## [Try it]
When a line of the entries contains the word "MACCHINA", report that line.

## [Listed records]
● ● ● ● ●
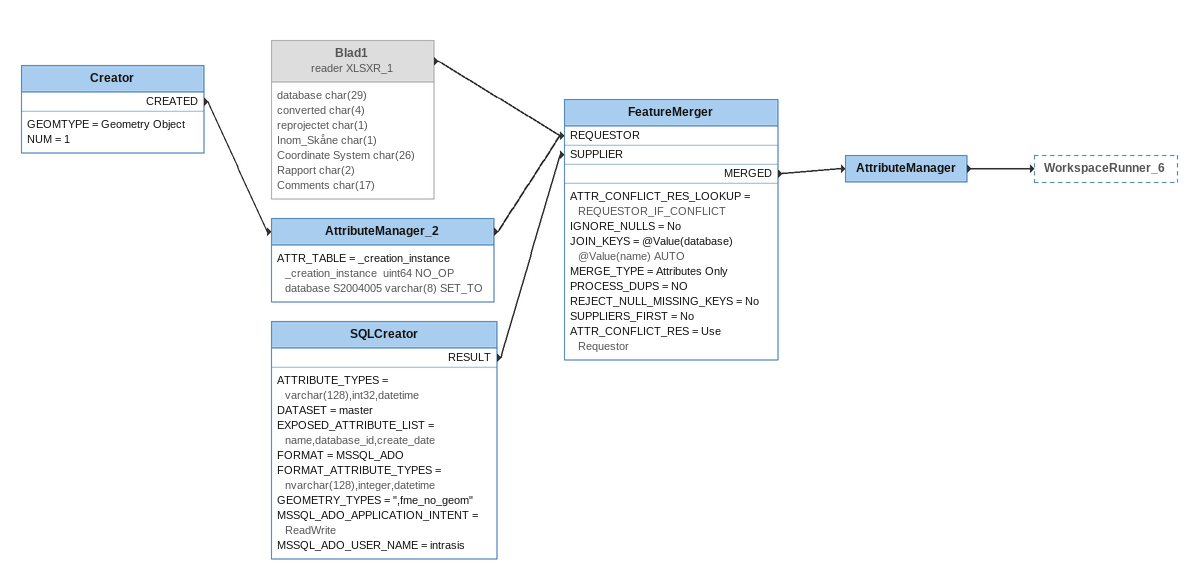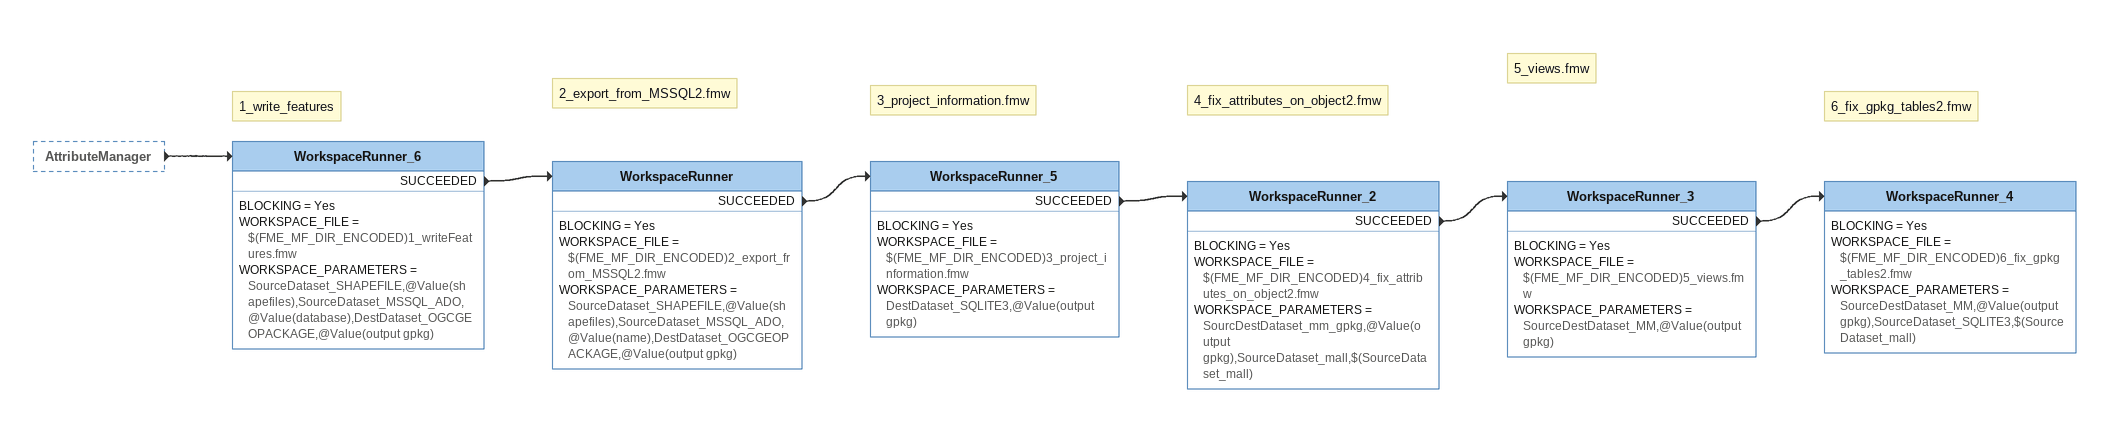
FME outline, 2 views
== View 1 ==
Creator
    GEOMTYPE = Geometry Object
    NUM = 1
    CREATED -> AttributeManager_2
AttributeManager_2
    ATTR_TABLE = _creation_instance _creation_instance  uint64 NO_OP  database S2004005 varchar(8) SET_TO
    -> FeatureMerger [REQUESTOR]
Blad1 (reader XLSXR_1) [off]
    attributes: database char(29), converted char(4), reprojectet char(1), Inom_Skåne char(1), Coordinate System char(26), Rapport char(2), Comments char(17)
    -> FeatureMerger [REQUESTOR]
SQLCreator
    ATTRIBUTE_TYPES = varchar(128),int32,datetime
    DATASET = master
    EXPOSED_ATTRIBUTE_LIST = name,database_id,create_date
    FORMAT = MSSQL_ADO
    FORMAT_ATTRIBUTE_TYPES = nvarchar(128),integer,datetime
    GEOMETRY_TYPES = ",fme_no_geom"
    MSSQL_ADO_APPLICATION_INTENT = ReadWrite
    MSSQL_ADO_USER_NAME = intrasis
    RESULT -> FeatureMerger [SUPPLIER]
FeatureMerger
    ATTR_CONFLICT_RES_LOOKUP = REQUESTOR_IF_CONFLICT
    IGNORE_NULLS = No
    JOIN_KEYS = @Value(database) @Value(name) AUTO
    MERGE_TYPE = Attributes Only
    PROCESS_DUPS = NO
    REJECT_NULL_MISSING_KEYS = No
    SUPPLIERS_FIRST = No
    ATTR_CONFLICT_RES = Use Requestor
    MERGED -> AttributeManager
AttributeManager
    -> WorkspaceRunner_6

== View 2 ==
AttributeManager [outside]
    -> WorkspaceRunner_6
Note: 1_write_features
WorkspaceRunner_6
    BLOCKING = Yes
    WORKSPACE_FILE = $(FME_MF_DIR_ENCODED)1_writeFeatures.fmw
    WORKSPACE_PARAMETERS = SourceDataset_SHAPEFILE,@Value(shapefiles),SourceDataset_MSSQL_ADO,@Value(database),DestDataset_OGCGEOPACKAGE,@Value(output gpkg)
    SUCCEEDED -> WorkspaceRunner
Note: 2_export_from_MSSQL2.fmw
WorkspaceRunner
    BLOCKING = Yes
    WORKSPACE_FILE = $(FME_MF_DIR_ENCODED)2_export_from_MSSQL2.fmw
    WORKSPACE_PARAMETERS = SourceDataset_SHAPEFILE,@Value(shapefiles),SourceDataset_MSSQL_ADO,@Value(name),DestDataset_OGCGEOPACKAGE,@Value(output gpkg)
    SUCCEEDED -> WorkspaceRunner_5
Note: 3_project_information.fmw
WorkspaceRunner_5
    BLOCKING = Yes
    WORKSPACE_FILE = $(FME_MF_DIR_ENCODED)3_project_information.fmw
    WORKSPACE_PARAMETERS = DestDataset_SQLITE3,@Value(output gpkg)
    SUCCEEDED -> WorkspaceRunner_2
Note: 4_fix_attributes_on_object2.fmw
WorkspaceRunner_2
    BLOCKING = Yes
    WORKSPACE_FILE = $(FME_MF_DIR_ENCODED)4_fix_attributes_on_object2.fmw
    WORKSPACE_PARAMETERS = SourcDestDataset_mm_gpkg,@Value(output gpkg),SourceDataset_mall,$(SourceDataset_mall)
    SUCCEEDED -> WorkspaceRunner_3
Note: 5_views.fmw
WorkspaceRunner_3
    BLOCKING = Yes
    WORKSPACE_FILE = $(FME_MF_DIR_ENCODED)5_views.fmw
    WORKSPACE_PARAMETERS = SourceDestDataset_MM,@Value(output gpkg)
    SUCCEEDED -> WorkspaceRunner_4
Note: 6_fix_gpkg_tables2.fmw
WorkspaceRunner_4
    BLOCKING = Yes
    WORKSPACE_FILE = $(FME_MF_DIR_ENCODED)6_fix_gpkg_tables2.fmw
    WORKSPACE_PARAMETERS = SourceDestDataset_MM,@Value(output gpkg),SourceDataset_SQLITE3,$(SourceDataset_mall)
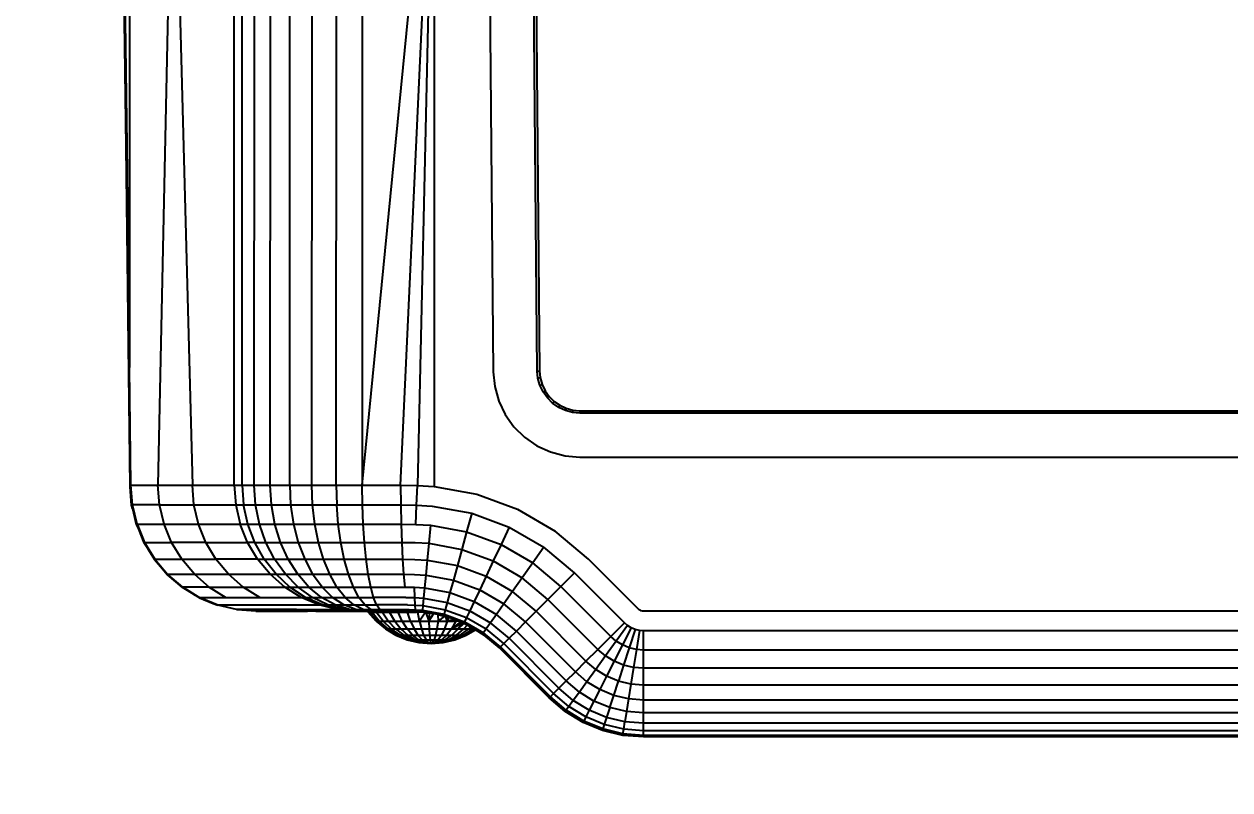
# Model space of a CAD drawing. Header units: inches. Extents: x -347369 to -260369, y 119522 to 149869.
# Drawn here: x -285173.7 to -285125.03, y 136709.24 to 136740.15 of the extents above; entities that cross this region are included whole.
import ezdxf

# ---------------------------------------------------------------- set-up
doc = ezdxf.new("R2010")
doc.units = ezdxf.units.IN
doc.header["$LTSCALE"] = 300
doc.layers.add('MACCHINA', color=40, linetype='Continuous')
doc.layers.add('QUOTE', color=7, linetype='Continuous')
doc.styles.get("Standard").update_dxf_attribs({"font": 'romans.shx'})
doc.dimstyles.new('sc1a100', dxfattribs={"dimscale": 100, "dimtxt": 3, "dimasz": 3, "dimexe": 0, "dimexo": 0, "dimgap": 1, "dimtad": 1, "dimzin": 12, "dimdsep": 46, "dimtxsty": 'Standard', "dimblk": 'CLOSEDBLANK', "dimcen": 1, "dimclrd": 253, "dimclre": 253, "dimclrt": 2, "dimadec": 0, "dimazin": 3, "dimtfac": 1, "dimtmove": 0, "dimatfit": 1, "dimldrblk": 'CLOSEDBLANK', "dimfxl": 1, "dimtolj": 1, "dimtzin": 0, "dimarcsym": 0})

# ---------------------------------------------------------------- blocks, each defined once
blk = doc.blocks.new('_ClosedBlank')
at = {"color": 0, "linetype": 'ByBlock', "lineweight": -2}
for p, q in [((-1, 0.16667), (0, 0)), ((-1, 0.16667), (-1, -0.16667)), ((0, 0), (-1, -0.16667))]:
    blk.add_line(p, q, dxfattribs=at)
blk = doc.blocks.new('*D27')
at = {"layer": 'Defpoints', "color": 0, "transparency": 16777216}
for p in [(-285230.166, 140399.656), (-284017.731, 139699.656), (-287395.23, 137749.656), (-287103.201, 136767.46), (-285230.166, 136499.656)]:
    blk.add_point(p, dxfattribs=at)
at = {"layer": 'QUOTE', "color": 253, "lineweight": -2, "transparency": 16777216}
for p, q in [((-287395.23, 137749.656), (-287753.699, 137542.694)), ((-285230.166, 136499.656), (-285230.166, 136085.732))]:
    blk.add_line(p, q, dxfattribs=at)
blk.add_arc((-285230.166, 138999.656), 2913.924, 215.901435, 264.098565, dxfattribs=at)
at = {"layer": 'QUOTE', "color": 253, "lineweight": -2, "transparency": 16777216, "xscale": 300, "yscale": 300, "zscale": 300}
for p, rotation in [((-287753.699, 137542.694), 122.9507175305296), ((-285230.166, 136085.732), 357.0492824694705)]:
    blk.add_blockref('_ClosedBlank', p, dxfattribs=dict(at, rotation=rotation))
at = {"layer": 'QUOTE', "color": 2, "transparency": 16777216, "insert": (-286562.128, 136692.63), "char_height": 300, "attachment_point": 5, "rotation": 330}
blk.add_mtext('\\A1;60°', dxfattribs=at)
blk = doc.blocks.new('*D37')
at = {"layer": 'Defpoints', "color": 0, "transparency": 16777216}
for p in [(-285230.166, 140399.656), (-286220.116, 139989.605), (-283462.399, 137231.889), (-285230.166, 136499.656), (-284473.382, 136175.299)]:
    blk.add_point(p, dxfattribs=at)
at = {"layer": 'QUOTE', "color": 253, "lineweight": -2, "transparency": 16777216}
for p, q in [((-283462.399, 137231.889), (-283162.594, 136932.083)), ((-285230.166, 136499.656), (-285230.166, 136075.667))]:
    blk.add_line(p, q, dxfattribs=at)
blk.add_arc((-285230.166, 138999.656), 2923.989, 275.881104, 309.118896, dxfattribs=at)
at = {"layer": 'QUOTE', "color": 253, "lineweight": -2, "transparency": 16777216, "xscale": 300, "yscale": 300, "zscale": 300}
for p, rotation in [((-283162.594, 136932.083), 42.0594481817856), ((-285230.166, 136075.667), 182.9405518182139)]:
    blk.add_blockref('_ClosedBlank', p, dxfattribs=dict(at, rotation=rotation))
at = {"layer": 'QUOTE', "color": 2, "transparency": 16777216, "insert": (-284206.875, 136529.212), "char_height": 300, "attachment_point": 5, "rotation": 22.5}
blk.add_mtext('\\A1;45°', dxfattribs=at)
blk = doc.blocks.new('A$Cad528b1c')
at = {"layer": 'MACCHINA'}
for p, q in [((60.717, -2248.577), (60.718, -2273.364)), ((62.481, -2248.577), (61.867, -2278.117)), ((62.481, -2248.577), (63.257, -2278.117)), ((64.943, -2278.117), (64.943, -2248.577)), ((65.259, -2278.117), (65.274, -2248.577)), ((65.753, -2278.117), (65.77, -2248.577)), ((66.401, -2278.117), (66.418, -2248.577)), ((67.184, -2278.117), (67.199, -2248.577)), ((68.08, -2278.117), (68.092, -2248.577)), ((69.065, -2278.117), (69.071, -2248.577)), ((70.108, -2248.577), (70.108, -2278.117)), ((70.108, -2278.117), (73.017, -2248.577)), ((71.663, -2278.117), (73.017, -2248.577)), ((73.017, -2248.577), (72.34, -2278.129)), ((73.017, -2248.577), (73.017, -2278.163)), ((60.578, -2264.447), (60.427, -2251.767)), ((60.455, -2251.801), (60.608, -2264.386)), ((75.242, -2255.974), (75.396, -2273.535)), ((77.174, -2273.511), (77.02, -2255.973)), ((77.115, -2255.973), (77.269, -2273.509)), ((60.741, -2278.178), (60.578, -2264.447)), ((60.608, -2264.386), (60.718, -2273.364)), ((60.776, -2278.117), (60.718, -2273.364)), ((75.396, -2273.535), (75.458, -2274.136)), ((77.174, -2273.511), (77.269, -2273.509)), ((77.203, -2273.792), (77.174, -2273.511)), ((77.203, -2273.792), (77.297, -2273.774)), ((77.283, -2274.08), (77.203, -2273.792)), ((77.269, -2273.509), (77.297, -2273.774)), ((77.297, -2273.774), (77.372, -2274.046)), ((75.458, -2274.136), (75.623, -2274.718)), ((77.283, -2274.08), (77.372, -2274.046)), ((77.411, -2274.35), (77.283, -2274.08)), ((77.372, -2274.046), (77.494, -2274.301)), ((77.411, -2274.35), (77.494, -2274.301)), ((77.494, -2274.301), (77.657, -2274.531)), ((75.623, -2274.718), (75.885, -2275.262)), ((77.585, -2274.593), (77.411, -2274.35)), ((77.585, -2274.593), (77.657, -2274.531)), ((77.797, -2274.803), (77.585, -2274.593)), ((77.657, -2274.531), (77.858, -2274.73)), ((77.797, -2274.803), (77.858, -2274.73)), ((78.043, -2274.973), (77.797, -2274.803)), ((77.858, -2274.73), (78.09, -2274.89)), ((75.885, -2275.262), (76.237, -2275.753)), ((78.043, -2274.973), (78.09, -2274.89)), ((78.314, -2275.099), (78.043, -2274.973)), ((78.09, -2274.89), (78.346, -2275.009)), ((78.314, -2275.099), (78.346, -2275.009)), ((78.603, -2275.176), (78.314, -2275.099)), ((78.346, -2275.009), (78.619, -2275.081)), ((78.619, -2275.081), (78.603, -2275.176)), ((78.9, -2275.201), (78.603, -2275.176)), ((78.619, -2275.081), (78.9, -2275.106)), ((78.9, -2275.106), (272.873, -2275.106)), ((78.9, -2275.106), (78.9, -2275.201)), ((272.873, -2275.201), (78.9, -2275.201)), ((76.237, -2275.753), (76.668, -2276.177)), ((76.668, -2276.177), (77.166, -2276.52)), ((77.166, -2276.52), (77.714, -2276.773)), ((77.714, -2276.773), (78.298, -2276.927)), ((78.298, -2276.927), (78.9, -2276.979)), ((78.9, -2276.979), (272.873, -2276.979)), ((60.741, -2278.178), (60.776, -2278.117)), ((60.804, -2278.917), (60.741, -2278.178)), ((60.838, -2278.911), (60.776, -2278.117)), ((60.776, -2278.117), (61.867, -2278.117)), ((61.867, -2278.117), (62.518, -2278.117)), ((61.929, -2278.912), (61.867, -2278.117)), ((62.518, -2278.117), (63.257, -2278.117)), ((63.257, -2278.117), (64.943, -2278.117)), ((63.318, -2278.912), (63.257, -2278.117)), ((64.943, -2278.117), (65.259, -2278.117)), ((64.943, -2278.117), (65.004, -2278.912)), ((65.259, -2278.117), (65.277, -2278.117)), ((65.259, -2278.117), (65.317, -2278.912)), ((65.277, -2278.117), (65.753, -2278.117)), ((65.772, -2278.117), (65.753, -2278.117)), ((65.806, -2278.912), (65.753, -2278.117)), ((65.772, -2278.117), (66.401, -2278.117)), ((66.401, -2278.117), (66.42, -2278.117)), ((66.447, -2278.912), (66.401, -2278.117)), ((66.42, -2278.117), (67.184, -2278.117)), ((67.184, -2278.117), (67.2, -2278.117)), ((67.184, -2278.117), (67.223, -2278.912)), ((67.2, -2278.117), (68.08, -2278.117)), ((68.08, -2278.117), (68.092, -2278.117)), ((68.111, -2278.912), (68.08, -2278.117)), ((68.092, -2278.117), (69.065, -2278.117)), ((69.065, -2278.117), (69.071, -2278.117)), ((69.065, -2278.117), (69.085, -2278.912)), ((69.071, -2278.117), (70.108, -2278.117)), ((70.108, -2278.117), (71.663, -2278.117)), ((70.119, -2278.912), (70.108, -2278.117)), ((71.663, -2278.117), (72.34, -2278.129)), ((71.663, -2278.117), (71.668, -2278.912)), ((72.305, -2278.922), (72.34, -2278.129)), ((72.34, -2278.129), (73.017, -2278.163)), ((73.017, -2278.163), (74.74, -2278.478)), ((74.74, -2278.478), (76.384, -2279.085)), ((60.838, -2278.911), (60.804, -2278.917)), ((60.837, -2279.05), (60.804, -2278.917)), ((60.837, -2279.05), (60.993, -2279.696)), ((61.929, -2278.912), (60.838, -2278.911)), ((61.023, -2279.686), (60.838, -2278.911)), ((61.929, -2278.912), (63.318, -2278.912)), ((62.113, -2279.687), (61.929, -2278.912)), ((63.318, -2278.912), (65.004, -2278.912)), ((63.501, -2279.687), (63.318, -2278.912)), ((65.004, -2278.912), (65.317, -2278.912)), ((65.004, -2278.912), (65.185, -2279.687)), ((65.317, -2278.912), (65.806, -2278.912)), ((65.489, -2279.687), (65.317, -2278.912)), ((65.806, -2278.912), (66.447, -2278.912)), ((65.963, -2279.687), (65.806, -2278.912)), ((66.447, -2278.912), (67.223, -2278.912)), ((66.586, -2279.687), (66.447, -2278.912)), ((67.223, -2278.912), (68.111, -2278.912)), ((67.223, -2278.912), (67.339, -2279.687)), ((68.111, -2278.912), (69.085, -2278.912)), ((68.2, -2279.687), (68.111, -2278.912)), ((69.085, -2278.912), (70.119, -2278.912)), ((69.146, -2279.687), (69.085, -2278.912)), ((70.119, -2278.912), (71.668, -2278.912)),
● ● ● ● ●
## [Response to this exercise]
doc.layers.add('MACCHINA', color=40, linetype='Continuous')
at = {"layer": 'MACCHINA'}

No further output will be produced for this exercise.